Quality improvement in chronic care delivery for patients with arterial hypertension through Group Medical Visits: Patient acceptance and attendance in the German pilot project

Benedikt Simon

Background: To improve the quality of chronic care delivered and to effectively manage their panel of chronically ill patients is a challenge for many family physicians, which have historically focused on acute care. A high quality intervention for chronically ill patients are group medical visits (GMV), where physicians see a group of patients with a common (chronic) condition simultaneously in a supportive setting. GMV typically include both, educative group work fostering the exchange of coping strategies between patients as well as elements of the individual one-on-one visit like the taking of history and vital sign collection. In North America and several European countries GMV as care innovations, have for the most part been introduced with the backing of larger care organizations. In Germany, primary care in group settings is unknown and larger care organizations, which could drive innovations like GMV, are not present.

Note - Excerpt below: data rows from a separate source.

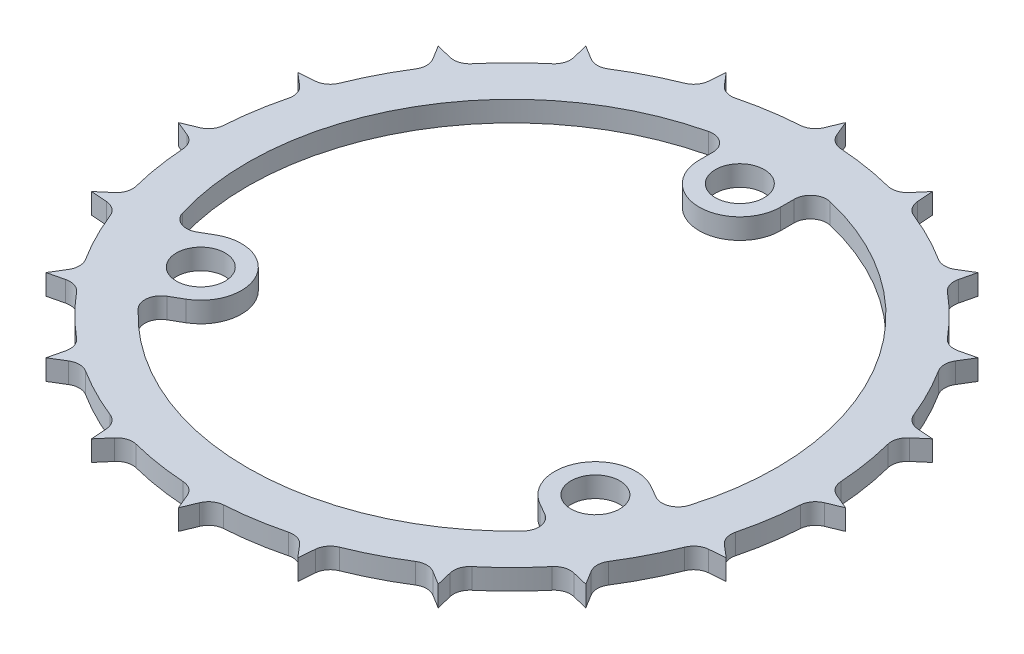
SolidWorks part; units mm, degrees
material "Titanium Ti-8Al-1Mo-1V"
ref_plane "Front Plane" through (0, 0, 0) normal (0, 0, 1) x (1, 0, 0)
ref_plane "Top Plane" through (0, 0, 0) normal (0, 1, 0) x (1, 0, 0)
ref_plane "Right Plane" through (0, 0, 0) normal (1, 0, 0) x (0, 0, -1)
other "Bounding Box"
ref_plane "Default Plane" through (13.8565, 3.175, 6.7999) normal (0, -1, 0) x (-1, 0, 0)
sketch "Sketch1" plane through (0, 0, 0) normal (0, 1, 0) x (1, 0, 0)
  circle A0 centre (0, 0) radius 24.13
  dimension "D1" = 48.26
extrude "Boss-Extrude1" add sketch "Sketch1" along normal mid plane 1.6002
sketch "Sketch2" plane through (0, 0.8001, 0) normal (0, 1, 0) x (1, 0, 0)
  line L0 (-0.7945, 24.1169) -> (0, 26.035)
  line L1 (0, 26.035) -> (0.7945, 24.1169)
  line L2 (0, 26.035) -> (0, 0) construction
  line L3 (-0.7945, 24.1169) -> (0.7945, 24.1169)
  circle A0 centre (0, 0) radius 24.13 construction
  dimension "D1" = 26.035
  dimension "D2" = 45
extrude "Boss-Extrude2" add sketch "Sketch2" against normal through all
fillet "Fillet1" radius 1.27 2 edges at (0.7945, 0, -24.1169) (-0.7945, 0, -24.1169)
pattern_circular "CirPattern1" count 20 over 360 about axis through (0, 0.8001, 0) along (0, -1, 0) of "Fillet1", "Boss-Extrude2" reverse direction yes
sketch "Sketch3" plane through (0, 0.8001, 0) normal (0, 1, 0) x (1, 0, 0)
  circle A0 centre (0, 0) radius 20.6375
  dimension "D1" = 41.275
extrude "Cut-Extrude1" cut sketch "Sketch3" against normal through all
sketch "Sketch4" plane through (0, 0.8001, 0) normal (0, 1, 0) x (1, 0, 0)
  line L0 (-3.175, 17.78) -> (-3.175, 20.3918)
  line L1 (3.175, 17.78) -> (3.175, 20.3918)
  line L2 (0, 0) -> (0, 17.78) construction
  circle A0 centre (0, 17.78) radius 1.905
  arc A1 (-3.175, 17.78) -> (3.175, 17.78) centre (0, 17.78) ccw
  circle A2 centre (0, 0) radius 20.6375 construction
  arc A3 (-3.175, 20.3918) -> (3.175, 20.3918) centre (0, 0) cw
  arc A4 (3.175, 17.78) -> (-3.175, 17.78) centre (0, 17.78) ccw construction
  dimension "D1" = 3.81
  dimension "D2" = 6.35
  dimension "D3" = 17.78
extrude "Boss-Extrude3" add sketch "Sketch4" against normal through all
fillet "Fillet2" radius 1.27 2 edges at (3.175, 0, -20.3918) (-3.175, 0, -20.3918)
pattern_circular "CirPattern2" count 3 over 360 about axis through (0, 0.8001, 0) along (0, -1, 0) of "Fillet2", "Boss-Extrude3" reverse direction yes

Aims: The pilot project was conducted in order to assess the transferability and implementability of GMV, following the model of chronic health care clinics (CHCC), into the German health care system.

Method: The findings presented here, stem from a RCT conducted at two rural physician practices to assess the effectiveness of GMV against standard one-on-one visits. After assessing the willingness of patients to attend GMV, 48 patients were included in the study at both practices. At each practice half of the patients were randomized into a control group, while the other half was split in into two intervention groups of twelve patients that met every second month for a GMV. It is the actual attendance of these intervention groups that are described analyzed here.

Results: GMV were successfully implemented by both physicians. With a positive response rate of 81.9%, patients’ willingness to attend GMV exceeded the willingness to attend measured in previous studies. Actual attendance was on and above target-census of ten patients per GMV, in three out of four patient groups, only in one patient group the census consistently fell short. On average, 9.8 patients attended each GMV, equaling an attendance rate of 81.6%.

Conclusion: Our pilot study indicates that it is generally possible to establish GMC in ordinary primary care practices, without the backing of a larger health care organization. According to the willingness to attend and actual attendance rates of the small sample in this study, GMV following the CHCC model appear to be a feasible and acceptable model of primary care for chronically ill patients in Germany.